La principal, sin perjuicio del resto, podría desanimar a cualquiera a convertirse en un experto, porque según los resultados de esta investigación la posibilidad de que un experto acierte es inversamente proporcional a su renombre, a su autoconfianza y… ¡a la profundidad de sus conocimientos! Y esto ocurre no solo porque el umbral de rendimientos decrecientes del conocimiento se alcanza muy pronto, sino porque el volumen de conocimientos supone un handicap para buena parte de los expertos: conocer mucho de un tema puede bloquear la capacidad de formular juicios acertados. Más aún, la gente que sigue los hechos de actualidad leyendo periódicos o revistas de manera regular está capacitada para predecir el futuro con un grado de acierto aproximadamente igual al de los expertos que escriben informes sobre los mismos temas. En definitiva, ser experto no es un título que garantice a nadie ser más acertado en sus juicios que cualquier lector no experto pero bien informado.
Esta conclusión, por así decir, general de esta indagación —que, por cierto, no ha perdido nada de su gracia y aparente ligereza en la traducción de Jorge Sola— podría invitar a un deslizamiento hacia el escepticismo radical, que en este caso significaría equiparar el buen juicio político a la buena suerte: tocaba acertar. De hecho, resulta muy decepcionante saber que, en un experimento de laboratorio, los ratoncillos acertaron, en proporción significativamente superior a los estudiantes graduados de Harvard, el conducto por el que habría de aparecer cada nueva ración de alimento. Pero Tetlock no se deja llevar por esta diabólica tentación y prefiere optar por lo que llama el meliorismo, una actitud que consiste en afirmar que no es puro quijotismo proceder a la búsqueda de indicadores del buen juicio e intentar mejorarlos.
Tratándose, pues, de una actitud del espíritu, ya se entiende que lo importante en el buen juicio político no consiste en quiénes son los expertos (el más experto de todos puede equivocarse tanto como el último de la fila), ni en qué piensan, o sea, lo que Hayden Waite hablando de historiadores definió como modo de implicación ideológica (si son progresistas o conservadores, optimistas o pesimistas, por ejemplo), sino en cómo piensan. Lo que importa de verdad, según Tetlock, es el estilo cognitivo, un concepto lábil que le permite clasificar a los expertos que han participado en su investigación en un continuum que va del erizo al zorro, los dos estilos que codificó Isaiah Berlin en un ensayo memorable. Adelantando sus conclusiones, Tetlock informa que los enérgicos erizos de su investigación sabían mucho de un gran tema y tendían a extender el poder explicativo a nuevos casos, y se equivocaban, claro; mientras que a los zorros, que sabían poco de muchos temas, no les importaba improvisar cuando se enfrentaban a algo nuevo en un mundo que cambia sin parar, y acertaban o, vale, no siempre, pero sí más que los erizos.
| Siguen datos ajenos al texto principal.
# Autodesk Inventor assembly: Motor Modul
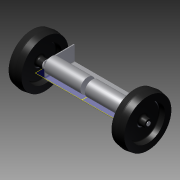
[picture p0: Inventor's stored thumbnail of the model, 180x180]
Saved by Autodesk Inventor 2014 (Build 180170000, 170)
## iProperties
Created: 2014-02-18
Part Number: Motor Modul
Document SubType Name: Assembly
Designer: Pinkponk
Author: Pinkponk
## Documents named in this file (5)
- X:\Projekt\Min Robot\Min Robot\Motor Modul.iam
- X:\Projekt\Min Robot\Min Robot\Hjul.ipt
- X:\Projekt\Min Robot\Min Robot\Hjul Motor.ipt
- X:\Projekt\Min Robot\Min Robot\Hjulstopp.ipt
- X:\Projekt\Min Robot\Min Robot\MotorPlatta.ipt
## Components (7 placed, 4 different names)
1. Hjul:1 — Insert:1
2. Hjul:2 — Insert:2
3. Hjul Motor:1 — Insert:4, Angle:1, Insert:5
4. Hjul Motor:2 — Insert:3, Angle:2, Insert:6
5. Hjulstopp:1 — Insert:2, Insert:4
6. Hjulstopp:2 — Insert:1, Insert:3
7. MotorPlatta:1 — Angle:1, Insert:5, Angle:2, Insert:6
## Relationships (8: Insert 6, Angle 2)
- Insert:1: Hjul:1 ↔ Hjulstopp:2
- Insert:2: Hjul:2 ↔ Hjulstopp:1
- Insert:3: Hjul Motor:2 ↔ Hjulstopp:2
- Insert:4: Hjul Motor:1 ↔ Hjulstopp:1
- Angle:1 (180 deg): Hjul Motor:1 ↔ MotorPlatta:1
- Insert:5: Hjul Motor:1 ↔ MotorPlatta:1
- Angle:2 (180 deg): Hjul Motor:2 ↔ MotorPlatta:1
- Insert:6: Hjul Motor:2 ↔ MotorPlatta:1
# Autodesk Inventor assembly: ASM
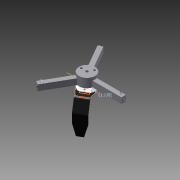
[picture p0: Inventor's stored thumbnail of the model, 180x180]
Saved by Autodesk Inventor 2011 SP2 (Build 150309200, 309)
## iProperties
Created: 2013-02-08
Part Number: ASM
Document SubType Name: Assembly
Designer: sungwook
Author: sungwook
## Documents named in this file (7)
- C:\Users\sungwook\Documents\Inventor\Micron22_top_adj_02082013\02082012_Fiducail_Markers\ASM.iam
- C:\Users\sungwook\Documents\Inventor\Micron22_top_adj_02082013\Parts\Tool\Tool Mount_Rev.ipt
- C:\Users\sungwook\Documents\Inventor\Micron22_top_adj_02082013\02082012_Fiducail_Markers\Fiducial_Post.ipt
- C:\Users\sungwook\Documents\Inventor\Micron22_top_adj_02082013\Parts\Main\Platform_Top_14mm_Rev.ipt
- C:\Users\sungwook\Documents\Inventor\Micron22_top_adj_02082013\02082012_Fiducail_Markers\Short_Needle.ipt
- C:\Users\sungwook\Documents\Inventor\Content Center Files\R2011\en-US\ANSI B18.3(18)\ANSI B18.3 - 0-80 UNF - 0.13(28).ipt
- C:\Users\sungwook\Documents\Inventor\Micron22_top_adj_02082013\Parts\ASAP\ASAP_Top_Fixture_New.ipt
## Components (10 placed, 6 different names)
1. Platform_Top_14mm_Rev:1 — Mate:9, Mate:10, Mate:11, Mate:19, Mate:20, Mate:21, Mate:22
2. Tool Mount_Rev:1 — Mate:9, Mate:10, Mate:11, Mate:15, Mate:16, Mate:17, Mate:18, Mate:22, Mate:23
3. Fiducial_Post:1 — Mate:12, Mate:13, Mate:14, Flush:1, Mate:15, Mate:16, Mate:17, Mate:18
4. ASAP_Top_Fixture_New:1 — Mate:19, Mate:20, Mate:21, Mate:23
5. Short_Needle:1 — Mate:12, Mate:13
6. Type A - Hexagon Socket Set Screw - Cup Point - Inch 0-80 UNF x 0.13:1 — Mate:14, Flush:1
7. Short_Needle:2
8. Type A - Hexagon Socket Set Screw - Cup Point - Inch 0-80 UNF x 0.13:2
9. Short_Needle:3
10. Type A - Hexagon Socket Set Screw - Cup Point - Inch 0-80 UNF x 0.13:3
## Component patterns: (3 elements, first: Short_Needle:1 + Type A - Hexagon Socket Set Screw - Cup Point - Inch 0-80 UNF x 0.13:1)
## Relationships (16: Mate 15, Flush 1)
- Mate:9: Platform_Top_14mm_Rev:1 ↔ Tool Mount_Rev:1
- Mate:10: Platform_Top_14mm_Rev:1 ↔ Tool Mount_Rev:1
- Mate:11: Platform_Top_14mm_Rev:1 ↔ Tool Mount_Rev:1
- Mate:12: Fiducial_Post:1 ↔ Short_Needle:1
- Mate:13: Fiducial_Post:1 ↔ Short_Needle:1
- Flush:1 (-0.5 mm): Fiducial_Post:1 ↔ Type A - Hexagon Socket Set Screw - Cup Point - Inch 0-80 UNF x 0.13:1
- Mate:15: Tool Mount_Rev:1 ↔ Fiducial_Post:1
- Mate:16: Tool Mount_Rev:1 ↔ Fiducial_Post:1
- Mate:17: Tool Mount_Rev:1 ↔ Fiducial_Post:1
- Mate:18: Tool Mount_Rev:1 ↔ Fiducial_Post:1
- Mate:19: Platform_Top_14mm_Rev:1 ↔ ASAP_Top_Fixture_New:1
- Mate:20: Platform_Top_14mm_Rev:1 ↔ ASAP_Top_Fixture_New:1
- Mate:21: Platform_Top_14mm_Rev:1 ↔ ASAP_Top_Fixture_New:1
- Mate:22: Platform_Top_14mm_Rev:1 ↔ Tool Mount_Rev:1
- Mate:23: Tool Mount_Rev:1 ↔ ASAP_Top_Fixture_New:1
- Mate:14: Fiducial_Post:1 ↔ Type A - Hexagon Socket Set Screw - Cup Point - Inch 0-80 UNF x 0.13:1

Naturalmente, el autor, que tiene también su corazoncito, nos va revelando que sus preferencias se dirigen a un estilo de pensamiento que mezcle a partes más o menos iguales al zorro con el erizo, mejor si es estilo zorrizo que erizorro. Su trabajo, por tanto, está lejos de ser una invitación al todo vale, menos aún a la arrogancia de quien nunca se equivoca o del ya lo dije yo, sino a lo que constituye la gran fiesta del auténtico investigador: cambiar de juicio cuando los hechos cambian o cuando tropieza con una inesperada evidencia en su camino. Es estupenda, a este respecto, la cita — quizá apócrifa, pero poco importa— que preside el capítulo 4 del libro, dedicado a las pruebas del buen juicio basadas en la teoría bayesiana de probabilidad: “Cuando los hechos cambian, yo cambio de idea. ¿Qué hace usted, señor?”. Claro que esta pregunta tiene sentido si quien la plantea es un zorro muy especial, más bien un zorrizo que sabía mucho de muchas cosas, también de los límites del conocimiento: John Maynard Keynes, que acertó plenamente cuando, al término de la Gran Guerra, predijo las consecuencias económicas de la paz de Versalles.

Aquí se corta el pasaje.